Disparity Between Public And Private Employees' Paychecks Proves Corporations Steal From Employees

I warned you all -- it's definitely silly season. Summer recess means spaghetti-throwing contests, and the Republicans have theirs all ready to go. We've seen Social Security attacked while they sing a song of praise for keeping the Bush tax cuts. Today's Stupid of the Day is a big whine about how much public employees make, compared to private employees.

First, the facts:

At a time when workers' pay and benefits have stagnated, federal employees' average compensation has grown to more than double what private sector workers earn, a USA TODAY analysis finds.

Federal workers have been awarded bigger average pay and benefit increases than private employees for nine years in a row. The compensation gap between federal and private workers has doubled in the past decade.

Federal civil servants earned average pay and benefits of $123,049 in 2009 while private workers made $61,051 in total compensation, according to the Bureau of Economic Analysis. The data are the latest available.

The federal compensation advantage has grown from $30,415 in 2000 to $61,998 last year.

Public employee unions say the compensation gap reflects the increasingly high level of skill and education required for most federal jobs and the government contracting out lower-paid jobs to the private sector in recent years.

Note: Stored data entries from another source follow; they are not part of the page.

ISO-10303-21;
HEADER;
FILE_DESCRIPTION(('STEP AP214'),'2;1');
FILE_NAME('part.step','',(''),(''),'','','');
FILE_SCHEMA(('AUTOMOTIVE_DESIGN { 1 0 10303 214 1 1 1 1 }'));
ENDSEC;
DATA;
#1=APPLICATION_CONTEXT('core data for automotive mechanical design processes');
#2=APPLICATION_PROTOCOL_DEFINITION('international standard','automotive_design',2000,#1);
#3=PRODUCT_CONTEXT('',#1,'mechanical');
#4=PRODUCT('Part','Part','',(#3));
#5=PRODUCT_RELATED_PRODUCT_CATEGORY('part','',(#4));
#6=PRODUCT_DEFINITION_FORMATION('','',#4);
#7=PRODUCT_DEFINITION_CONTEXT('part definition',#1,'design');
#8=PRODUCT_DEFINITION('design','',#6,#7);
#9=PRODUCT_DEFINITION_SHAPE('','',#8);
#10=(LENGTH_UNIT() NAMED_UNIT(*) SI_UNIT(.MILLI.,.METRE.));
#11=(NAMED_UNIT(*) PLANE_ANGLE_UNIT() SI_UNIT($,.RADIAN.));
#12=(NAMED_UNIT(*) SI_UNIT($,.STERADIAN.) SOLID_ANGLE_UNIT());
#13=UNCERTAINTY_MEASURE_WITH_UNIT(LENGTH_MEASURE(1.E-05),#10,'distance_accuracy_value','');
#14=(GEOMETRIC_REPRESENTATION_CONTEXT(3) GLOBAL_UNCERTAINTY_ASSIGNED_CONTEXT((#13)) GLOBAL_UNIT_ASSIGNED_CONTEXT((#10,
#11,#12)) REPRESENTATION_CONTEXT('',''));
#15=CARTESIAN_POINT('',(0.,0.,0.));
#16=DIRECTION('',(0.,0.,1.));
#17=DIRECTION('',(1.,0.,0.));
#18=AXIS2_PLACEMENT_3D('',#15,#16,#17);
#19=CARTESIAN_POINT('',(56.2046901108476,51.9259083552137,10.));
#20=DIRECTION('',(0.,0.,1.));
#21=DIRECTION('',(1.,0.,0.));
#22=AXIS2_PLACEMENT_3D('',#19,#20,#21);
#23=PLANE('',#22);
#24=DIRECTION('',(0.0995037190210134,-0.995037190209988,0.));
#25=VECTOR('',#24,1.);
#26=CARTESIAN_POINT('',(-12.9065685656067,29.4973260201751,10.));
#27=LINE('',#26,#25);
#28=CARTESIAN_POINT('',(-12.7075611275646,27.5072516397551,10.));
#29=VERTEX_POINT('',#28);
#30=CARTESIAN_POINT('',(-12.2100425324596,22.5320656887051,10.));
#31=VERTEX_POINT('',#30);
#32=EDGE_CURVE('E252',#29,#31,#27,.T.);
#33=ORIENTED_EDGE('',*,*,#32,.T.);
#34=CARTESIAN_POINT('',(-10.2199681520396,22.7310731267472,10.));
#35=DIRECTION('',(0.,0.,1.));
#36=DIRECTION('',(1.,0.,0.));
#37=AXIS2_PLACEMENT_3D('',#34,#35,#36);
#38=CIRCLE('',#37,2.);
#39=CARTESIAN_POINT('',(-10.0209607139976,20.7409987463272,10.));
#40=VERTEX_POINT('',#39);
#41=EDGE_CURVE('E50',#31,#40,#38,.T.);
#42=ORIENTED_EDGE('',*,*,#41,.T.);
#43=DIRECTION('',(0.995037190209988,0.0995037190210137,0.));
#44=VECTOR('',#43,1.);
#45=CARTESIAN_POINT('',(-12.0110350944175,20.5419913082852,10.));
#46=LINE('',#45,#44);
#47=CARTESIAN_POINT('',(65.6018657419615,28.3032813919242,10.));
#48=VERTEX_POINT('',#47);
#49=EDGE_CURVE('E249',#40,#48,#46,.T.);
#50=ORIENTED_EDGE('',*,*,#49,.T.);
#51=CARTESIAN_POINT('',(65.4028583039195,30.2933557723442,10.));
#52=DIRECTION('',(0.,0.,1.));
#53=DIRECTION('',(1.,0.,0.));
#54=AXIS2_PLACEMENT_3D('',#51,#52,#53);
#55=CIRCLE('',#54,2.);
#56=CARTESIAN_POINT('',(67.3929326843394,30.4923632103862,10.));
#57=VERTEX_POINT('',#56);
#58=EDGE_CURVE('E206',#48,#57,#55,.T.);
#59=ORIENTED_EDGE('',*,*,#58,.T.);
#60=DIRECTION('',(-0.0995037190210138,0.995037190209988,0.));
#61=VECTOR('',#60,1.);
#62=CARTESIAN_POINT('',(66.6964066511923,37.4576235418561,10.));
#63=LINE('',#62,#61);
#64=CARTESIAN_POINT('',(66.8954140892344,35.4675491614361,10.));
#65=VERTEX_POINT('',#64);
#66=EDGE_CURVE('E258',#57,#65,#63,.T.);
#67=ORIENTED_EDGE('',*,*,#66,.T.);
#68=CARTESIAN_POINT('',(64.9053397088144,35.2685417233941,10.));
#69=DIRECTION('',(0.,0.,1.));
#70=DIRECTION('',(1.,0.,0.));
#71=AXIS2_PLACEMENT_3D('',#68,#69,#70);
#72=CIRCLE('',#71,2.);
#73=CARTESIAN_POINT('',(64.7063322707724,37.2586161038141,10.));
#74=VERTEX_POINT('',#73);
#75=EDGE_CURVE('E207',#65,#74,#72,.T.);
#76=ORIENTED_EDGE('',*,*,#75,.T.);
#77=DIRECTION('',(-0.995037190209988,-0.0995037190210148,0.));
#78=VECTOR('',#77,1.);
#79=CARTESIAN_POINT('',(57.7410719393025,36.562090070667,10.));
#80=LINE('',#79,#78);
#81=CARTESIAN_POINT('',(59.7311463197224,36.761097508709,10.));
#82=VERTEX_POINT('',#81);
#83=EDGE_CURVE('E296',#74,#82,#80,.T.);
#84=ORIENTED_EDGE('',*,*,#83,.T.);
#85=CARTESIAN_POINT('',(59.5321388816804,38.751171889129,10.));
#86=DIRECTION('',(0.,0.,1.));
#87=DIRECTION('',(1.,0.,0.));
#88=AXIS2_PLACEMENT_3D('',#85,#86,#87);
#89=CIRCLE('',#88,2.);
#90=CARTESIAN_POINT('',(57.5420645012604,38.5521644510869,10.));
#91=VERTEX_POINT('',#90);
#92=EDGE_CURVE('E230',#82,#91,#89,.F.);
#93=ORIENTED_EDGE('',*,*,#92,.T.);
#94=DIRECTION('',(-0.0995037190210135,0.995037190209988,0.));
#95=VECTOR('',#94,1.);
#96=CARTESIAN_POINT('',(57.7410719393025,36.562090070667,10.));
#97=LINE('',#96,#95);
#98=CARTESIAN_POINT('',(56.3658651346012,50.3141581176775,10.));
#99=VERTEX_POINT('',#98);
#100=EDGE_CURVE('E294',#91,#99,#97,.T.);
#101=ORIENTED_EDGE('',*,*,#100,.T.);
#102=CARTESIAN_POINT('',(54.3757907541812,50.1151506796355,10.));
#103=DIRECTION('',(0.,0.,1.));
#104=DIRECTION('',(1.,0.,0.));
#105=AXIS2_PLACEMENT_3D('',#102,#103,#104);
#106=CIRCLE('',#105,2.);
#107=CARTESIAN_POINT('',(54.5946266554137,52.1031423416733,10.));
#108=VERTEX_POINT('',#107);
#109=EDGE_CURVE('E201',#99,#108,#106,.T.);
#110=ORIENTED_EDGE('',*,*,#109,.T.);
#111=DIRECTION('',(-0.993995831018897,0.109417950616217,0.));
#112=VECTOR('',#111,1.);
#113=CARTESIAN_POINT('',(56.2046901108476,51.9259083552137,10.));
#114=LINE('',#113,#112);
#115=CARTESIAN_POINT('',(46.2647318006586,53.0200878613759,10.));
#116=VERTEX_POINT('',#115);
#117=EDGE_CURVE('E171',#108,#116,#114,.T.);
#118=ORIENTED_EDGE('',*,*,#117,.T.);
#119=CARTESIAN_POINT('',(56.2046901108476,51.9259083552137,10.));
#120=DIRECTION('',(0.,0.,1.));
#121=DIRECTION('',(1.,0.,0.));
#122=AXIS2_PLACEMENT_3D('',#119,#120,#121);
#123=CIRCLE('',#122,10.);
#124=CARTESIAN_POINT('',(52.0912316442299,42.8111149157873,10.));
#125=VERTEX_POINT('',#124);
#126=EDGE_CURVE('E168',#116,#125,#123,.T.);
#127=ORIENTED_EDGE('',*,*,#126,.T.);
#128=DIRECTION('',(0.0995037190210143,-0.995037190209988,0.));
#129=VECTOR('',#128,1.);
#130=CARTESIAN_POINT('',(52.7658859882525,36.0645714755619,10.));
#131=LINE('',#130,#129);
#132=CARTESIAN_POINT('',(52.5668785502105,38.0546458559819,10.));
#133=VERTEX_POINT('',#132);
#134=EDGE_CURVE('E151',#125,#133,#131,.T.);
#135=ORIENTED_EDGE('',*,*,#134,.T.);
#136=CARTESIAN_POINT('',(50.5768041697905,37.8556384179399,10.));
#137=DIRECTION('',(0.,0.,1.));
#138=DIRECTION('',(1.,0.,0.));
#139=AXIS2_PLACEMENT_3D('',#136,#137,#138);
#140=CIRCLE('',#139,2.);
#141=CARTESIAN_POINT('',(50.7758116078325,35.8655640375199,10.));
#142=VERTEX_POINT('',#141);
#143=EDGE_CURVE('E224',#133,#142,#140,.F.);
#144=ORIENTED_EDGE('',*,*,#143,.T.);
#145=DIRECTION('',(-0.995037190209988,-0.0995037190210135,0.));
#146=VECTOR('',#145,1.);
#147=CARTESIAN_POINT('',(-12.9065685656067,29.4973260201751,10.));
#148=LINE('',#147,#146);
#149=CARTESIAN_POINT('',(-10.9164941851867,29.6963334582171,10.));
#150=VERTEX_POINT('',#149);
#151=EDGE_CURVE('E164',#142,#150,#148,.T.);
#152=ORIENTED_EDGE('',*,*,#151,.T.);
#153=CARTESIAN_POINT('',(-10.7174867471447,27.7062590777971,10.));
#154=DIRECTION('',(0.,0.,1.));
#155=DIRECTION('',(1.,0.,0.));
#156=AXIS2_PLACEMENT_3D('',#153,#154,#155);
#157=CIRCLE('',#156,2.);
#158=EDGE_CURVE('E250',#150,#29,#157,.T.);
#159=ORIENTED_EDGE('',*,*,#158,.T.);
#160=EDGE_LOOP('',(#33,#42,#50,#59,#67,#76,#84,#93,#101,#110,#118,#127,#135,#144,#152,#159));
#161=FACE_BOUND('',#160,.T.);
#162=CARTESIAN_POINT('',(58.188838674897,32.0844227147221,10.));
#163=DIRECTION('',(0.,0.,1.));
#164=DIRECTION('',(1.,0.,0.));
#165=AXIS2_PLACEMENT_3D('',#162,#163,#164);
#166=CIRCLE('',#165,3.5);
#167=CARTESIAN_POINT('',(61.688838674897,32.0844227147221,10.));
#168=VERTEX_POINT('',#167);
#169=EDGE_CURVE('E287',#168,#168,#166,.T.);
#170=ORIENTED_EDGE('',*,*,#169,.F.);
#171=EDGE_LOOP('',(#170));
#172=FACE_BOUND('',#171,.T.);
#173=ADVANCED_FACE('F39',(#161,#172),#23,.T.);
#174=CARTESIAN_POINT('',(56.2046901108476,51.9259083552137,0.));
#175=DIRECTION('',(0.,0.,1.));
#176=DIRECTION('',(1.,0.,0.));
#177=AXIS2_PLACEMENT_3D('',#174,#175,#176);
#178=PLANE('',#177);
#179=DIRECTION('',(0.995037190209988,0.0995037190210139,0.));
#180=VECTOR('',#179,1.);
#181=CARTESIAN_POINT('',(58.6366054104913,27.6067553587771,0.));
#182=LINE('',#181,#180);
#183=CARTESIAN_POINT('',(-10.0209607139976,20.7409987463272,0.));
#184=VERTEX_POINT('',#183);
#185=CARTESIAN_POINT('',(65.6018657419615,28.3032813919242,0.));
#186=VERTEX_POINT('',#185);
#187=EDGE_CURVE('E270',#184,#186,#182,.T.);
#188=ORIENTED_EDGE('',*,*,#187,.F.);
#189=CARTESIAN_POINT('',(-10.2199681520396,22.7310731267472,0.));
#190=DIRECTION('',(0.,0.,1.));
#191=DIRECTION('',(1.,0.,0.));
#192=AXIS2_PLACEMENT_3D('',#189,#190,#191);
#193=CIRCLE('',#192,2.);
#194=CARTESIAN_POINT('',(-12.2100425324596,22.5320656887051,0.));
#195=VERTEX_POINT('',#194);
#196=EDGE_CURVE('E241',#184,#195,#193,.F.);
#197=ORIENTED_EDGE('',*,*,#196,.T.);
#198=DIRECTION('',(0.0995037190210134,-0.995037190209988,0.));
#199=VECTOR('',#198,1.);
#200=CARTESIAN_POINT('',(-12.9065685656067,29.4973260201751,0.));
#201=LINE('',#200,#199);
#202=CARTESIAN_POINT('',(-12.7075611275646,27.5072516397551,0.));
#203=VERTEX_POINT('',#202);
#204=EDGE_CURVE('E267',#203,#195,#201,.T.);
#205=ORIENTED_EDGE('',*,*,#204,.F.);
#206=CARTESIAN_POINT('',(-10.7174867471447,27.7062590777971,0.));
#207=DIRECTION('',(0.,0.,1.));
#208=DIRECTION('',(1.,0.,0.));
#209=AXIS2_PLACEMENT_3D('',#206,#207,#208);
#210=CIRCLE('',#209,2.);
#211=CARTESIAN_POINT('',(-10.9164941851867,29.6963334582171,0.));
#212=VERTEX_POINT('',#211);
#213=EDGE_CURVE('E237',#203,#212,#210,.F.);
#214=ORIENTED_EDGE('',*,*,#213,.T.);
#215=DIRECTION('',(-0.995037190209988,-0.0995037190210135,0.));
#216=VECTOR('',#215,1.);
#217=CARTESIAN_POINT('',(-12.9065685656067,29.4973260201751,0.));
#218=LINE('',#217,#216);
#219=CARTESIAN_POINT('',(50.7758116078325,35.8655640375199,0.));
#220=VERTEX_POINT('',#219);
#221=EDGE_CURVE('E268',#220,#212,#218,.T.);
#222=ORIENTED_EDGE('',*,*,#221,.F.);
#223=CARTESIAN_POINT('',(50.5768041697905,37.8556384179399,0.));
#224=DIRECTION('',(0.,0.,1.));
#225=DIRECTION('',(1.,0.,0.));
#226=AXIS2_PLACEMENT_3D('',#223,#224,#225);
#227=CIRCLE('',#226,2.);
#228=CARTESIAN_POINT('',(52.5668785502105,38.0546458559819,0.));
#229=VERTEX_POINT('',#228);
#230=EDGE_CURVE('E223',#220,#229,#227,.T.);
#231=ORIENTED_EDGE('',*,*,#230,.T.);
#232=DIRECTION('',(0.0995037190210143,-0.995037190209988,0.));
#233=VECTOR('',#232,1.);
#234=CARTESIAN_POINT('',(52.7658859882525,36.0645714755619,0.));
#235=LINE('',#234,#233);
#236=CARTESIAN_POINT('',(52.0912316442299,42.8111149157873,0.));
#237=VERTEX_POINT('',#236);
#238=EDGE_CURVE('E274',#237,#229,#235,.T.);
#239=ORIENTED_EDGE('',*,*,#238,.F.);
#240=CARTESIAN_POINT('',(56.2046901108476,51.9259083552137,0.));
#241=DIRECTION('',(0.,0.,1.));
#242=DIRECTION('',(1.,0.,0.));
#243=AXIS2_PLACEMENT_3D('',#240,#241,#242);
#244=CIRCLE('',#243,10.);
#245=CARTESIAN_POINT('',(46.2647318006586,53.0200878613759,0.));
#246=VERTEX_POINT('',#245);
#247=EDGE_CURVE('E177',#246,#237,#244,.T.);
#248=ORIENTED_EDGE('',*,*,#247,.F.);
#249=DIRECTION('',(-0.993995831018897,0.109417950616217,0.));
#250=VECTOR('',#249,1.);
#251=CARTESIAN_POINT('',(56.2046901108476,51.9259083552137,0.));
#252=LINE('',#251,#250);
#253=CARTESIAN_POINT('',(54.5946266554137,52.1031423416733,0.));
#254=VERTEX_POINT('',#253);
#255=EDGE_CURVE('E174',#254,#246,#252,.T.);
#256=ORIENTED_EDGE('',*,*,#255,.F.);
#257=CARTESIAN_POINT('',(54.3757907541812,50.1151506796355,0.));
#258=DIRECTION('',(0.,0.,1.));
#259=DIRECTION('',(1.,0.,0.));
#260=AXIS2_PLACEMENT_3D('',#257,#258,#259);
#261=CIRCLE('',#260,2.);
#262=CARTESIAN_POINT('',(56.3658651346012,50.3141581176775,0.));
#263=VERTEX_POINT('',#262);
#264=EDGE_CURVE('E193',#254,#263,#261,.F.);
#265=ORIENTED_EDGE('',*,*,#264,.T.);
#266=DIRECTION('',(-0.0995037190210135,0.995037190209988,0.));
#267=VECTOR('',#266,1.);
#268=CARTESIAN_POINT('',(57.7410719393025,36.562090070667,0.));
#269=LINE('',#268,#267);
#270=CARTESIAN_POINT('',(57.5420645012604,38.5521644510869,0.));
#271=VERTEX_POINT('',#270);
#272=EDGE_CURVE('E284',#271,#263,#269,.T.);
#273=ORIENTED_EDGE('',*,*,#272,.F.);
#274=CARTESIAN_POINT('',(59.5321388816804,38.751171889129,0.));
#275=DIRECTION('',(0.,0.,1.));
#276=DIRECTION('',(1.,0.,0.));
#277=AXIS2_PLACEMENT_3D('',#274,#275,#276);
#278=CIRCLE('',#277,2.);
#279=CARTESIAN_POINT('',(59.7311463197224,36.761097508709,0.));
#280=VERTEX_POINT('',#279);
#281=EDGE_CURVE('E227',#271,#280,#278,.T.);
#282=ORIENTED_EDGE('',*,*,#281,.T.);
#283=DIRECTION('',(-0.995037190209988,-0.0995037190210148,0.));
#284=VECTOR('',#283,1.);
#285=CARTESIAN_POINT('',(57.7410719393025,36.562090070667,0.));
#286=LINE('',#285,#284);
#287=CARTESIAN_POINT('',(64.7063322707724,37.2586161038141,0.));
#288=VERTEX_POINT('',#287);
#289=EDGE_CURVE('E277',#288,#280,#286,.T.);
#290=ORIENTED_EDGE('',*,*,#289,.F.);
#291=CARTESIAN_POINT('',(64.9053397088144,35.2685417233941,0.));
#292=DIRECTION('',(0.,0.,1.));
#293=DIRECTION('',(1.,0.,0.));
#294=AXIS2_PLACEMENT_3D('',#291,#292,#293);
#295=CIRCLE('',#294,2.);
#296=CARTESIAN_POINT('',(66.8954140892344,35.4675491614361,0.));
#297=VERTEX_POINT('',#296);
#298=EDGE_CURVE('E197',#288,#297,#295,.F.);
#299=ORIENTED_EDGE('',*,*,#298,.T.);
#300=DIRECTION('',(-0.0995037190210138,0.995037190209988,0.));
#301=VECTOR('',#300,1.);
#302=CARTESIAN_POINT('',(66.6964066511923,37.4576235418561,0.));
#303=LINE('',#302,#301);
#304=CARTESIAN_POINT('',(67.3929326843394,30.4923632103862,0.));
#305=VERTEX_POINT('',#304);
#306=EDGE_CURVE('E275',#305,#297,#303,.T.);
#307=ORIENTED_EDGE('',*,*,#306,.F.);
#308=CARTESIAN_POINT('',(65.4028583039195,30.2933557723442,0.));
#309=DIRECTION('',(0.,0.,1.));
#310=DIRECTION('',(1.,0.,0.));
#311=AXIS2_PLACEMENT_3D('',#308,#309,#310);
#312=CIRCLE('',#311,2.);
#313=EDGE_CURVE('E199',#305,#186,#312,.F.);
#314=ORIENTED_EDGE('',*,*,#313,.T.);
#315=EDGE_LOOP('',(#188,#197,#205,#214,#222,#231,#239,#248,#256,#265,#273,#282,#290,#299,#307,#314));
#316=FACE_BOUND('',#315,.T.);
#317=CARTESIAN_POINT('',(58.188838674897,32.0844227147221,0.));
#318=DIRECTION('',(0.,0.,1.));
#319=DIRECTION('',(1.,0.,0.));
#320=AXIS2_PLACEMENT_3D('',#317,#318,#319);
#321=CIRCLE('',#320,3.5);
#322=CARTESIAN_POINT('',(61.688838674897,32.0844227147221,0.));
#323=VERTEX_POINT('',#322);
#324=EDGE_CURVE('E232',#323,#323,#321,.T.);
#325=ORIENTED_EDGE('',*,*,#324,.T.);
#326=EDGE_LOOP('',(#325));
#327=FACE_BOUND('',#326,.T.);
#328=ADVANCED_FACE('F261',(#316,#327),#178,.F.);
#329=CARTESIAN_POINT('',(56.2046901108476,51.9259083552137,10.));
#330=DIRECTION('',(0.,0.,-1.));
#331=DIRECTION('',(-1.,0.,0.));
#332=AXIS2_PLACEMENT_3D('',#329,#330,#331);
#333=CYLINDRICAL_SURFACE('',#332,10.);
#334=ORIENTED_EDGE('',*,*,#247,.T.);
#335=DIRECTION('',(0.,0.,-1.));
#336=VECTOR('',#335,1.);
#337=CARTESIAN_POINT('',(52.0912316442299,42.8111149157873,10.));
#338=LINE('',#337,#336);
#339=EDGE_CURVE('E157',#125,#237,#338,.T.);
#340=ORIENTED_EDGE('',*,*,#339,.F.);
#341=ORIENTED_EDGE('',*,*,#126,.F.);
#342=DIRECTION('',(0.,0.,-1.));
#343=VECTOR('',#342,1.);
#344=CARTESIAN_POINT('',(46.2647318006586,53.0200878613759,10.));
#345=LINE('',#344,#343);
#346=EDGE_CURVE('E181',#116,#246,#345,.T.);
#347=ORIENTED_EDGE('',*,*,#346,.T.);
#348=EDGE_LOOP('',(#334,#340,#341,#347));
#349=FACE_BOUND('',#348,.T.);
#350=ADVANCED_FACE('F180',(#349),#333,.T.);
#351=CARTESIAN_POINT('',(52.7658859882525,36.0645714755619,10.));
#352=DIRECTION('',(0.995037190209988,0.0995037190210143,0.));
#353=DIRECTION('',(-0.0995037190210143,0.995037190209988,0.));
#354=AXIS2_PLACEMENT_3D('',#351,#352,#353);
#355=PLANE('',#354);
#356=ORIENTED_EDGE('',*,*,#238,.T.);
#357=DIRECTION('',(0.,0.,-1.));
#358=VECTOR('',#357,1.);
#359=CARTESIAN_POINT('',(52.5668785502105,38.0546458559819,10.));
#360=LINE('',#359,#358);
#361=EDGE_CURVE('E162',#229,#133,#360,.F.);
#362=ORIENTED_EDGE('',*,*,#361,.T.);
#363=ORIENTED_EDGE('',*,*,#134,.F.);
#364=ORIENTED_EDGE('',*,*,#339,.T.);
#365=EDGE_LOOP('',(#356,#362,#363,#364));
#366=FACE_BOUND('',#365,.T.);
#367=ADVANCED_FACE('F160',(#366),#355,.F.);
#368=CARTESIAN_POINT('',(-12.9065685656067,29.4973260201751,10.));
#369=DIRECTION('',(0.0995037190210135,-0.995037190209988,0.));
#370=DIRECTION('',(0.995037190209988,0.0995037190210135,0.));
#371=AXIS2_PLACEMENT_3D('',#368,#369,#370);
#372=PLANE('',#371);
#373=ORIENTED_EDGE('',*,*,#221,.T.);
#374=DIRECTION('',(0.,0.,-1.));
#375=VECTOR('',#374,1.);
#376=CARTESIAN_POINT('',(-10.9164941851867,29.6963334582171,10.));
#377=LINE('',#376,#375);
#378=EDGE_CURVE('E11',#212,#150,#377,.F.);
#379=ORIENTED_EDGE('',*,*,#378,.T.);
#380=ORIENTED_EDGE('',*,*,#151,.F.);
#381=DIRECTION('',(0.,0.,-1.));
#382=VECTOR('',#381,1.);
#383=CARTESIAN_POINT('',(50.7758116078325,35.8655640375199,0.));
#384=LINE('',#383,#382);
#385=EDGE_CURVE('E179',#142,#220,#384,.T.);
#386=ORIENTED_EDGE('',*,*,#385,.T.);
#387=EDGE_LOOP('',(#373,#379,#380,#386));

Isn't it amazing that the federal government has managed to keep pay rates and benefit levels competitive for their employees without breaking the bank? On the other hand, private industry has laid off a good chunk of their workforce while squeezing every last bit of productivity out of those who remain, held back raises while telling their employees they're lucky to have a job, stopped making 401k matching contributions even after their profits have soared to record highs and they've banked a ton of cash that they're NOT spending to hire or rehire laid-off employees.

Cato Institute jumped on the data like swine to the trough:

Chris Edwards, a budget analyst at the libertarian Cato Institute, thinks otherwise. "Can't we now all agree that federal workers are overpaid and do something about it?" he asks.

I have a different question:

Can't we now all agree that private industry workers are overpaid to pad the bottom line and do something about it?

Or this one:

Can't we all agree that even a small portion of these bloated profits should go to the employees who make that bottom line happen?

Instead, it's turned into an attack on unions, which is the other theme of this summer of discontent. Attack the unions. The reason Republicans opposed the bill extending federal aid to states for police, firefighters and teachers was because they were trying to break the unions. It's the Dick Morris strategy in action.

One of the most disingenuous talking points of this study:

The average federal salary has grown 33% faster than inflation since 2000. USA TODAY reported in March that the federal government pays an average of 20% more than private firms for comparable occupations. The analysis did not consider differences in experience and education.

Those "free markets" again. Why isn't anyone talking about the fact that the average private sector salary hasn't even kept pace with inflation? Workers today earn less than they did ten years ago. So tell me again, which of these is the bad thing?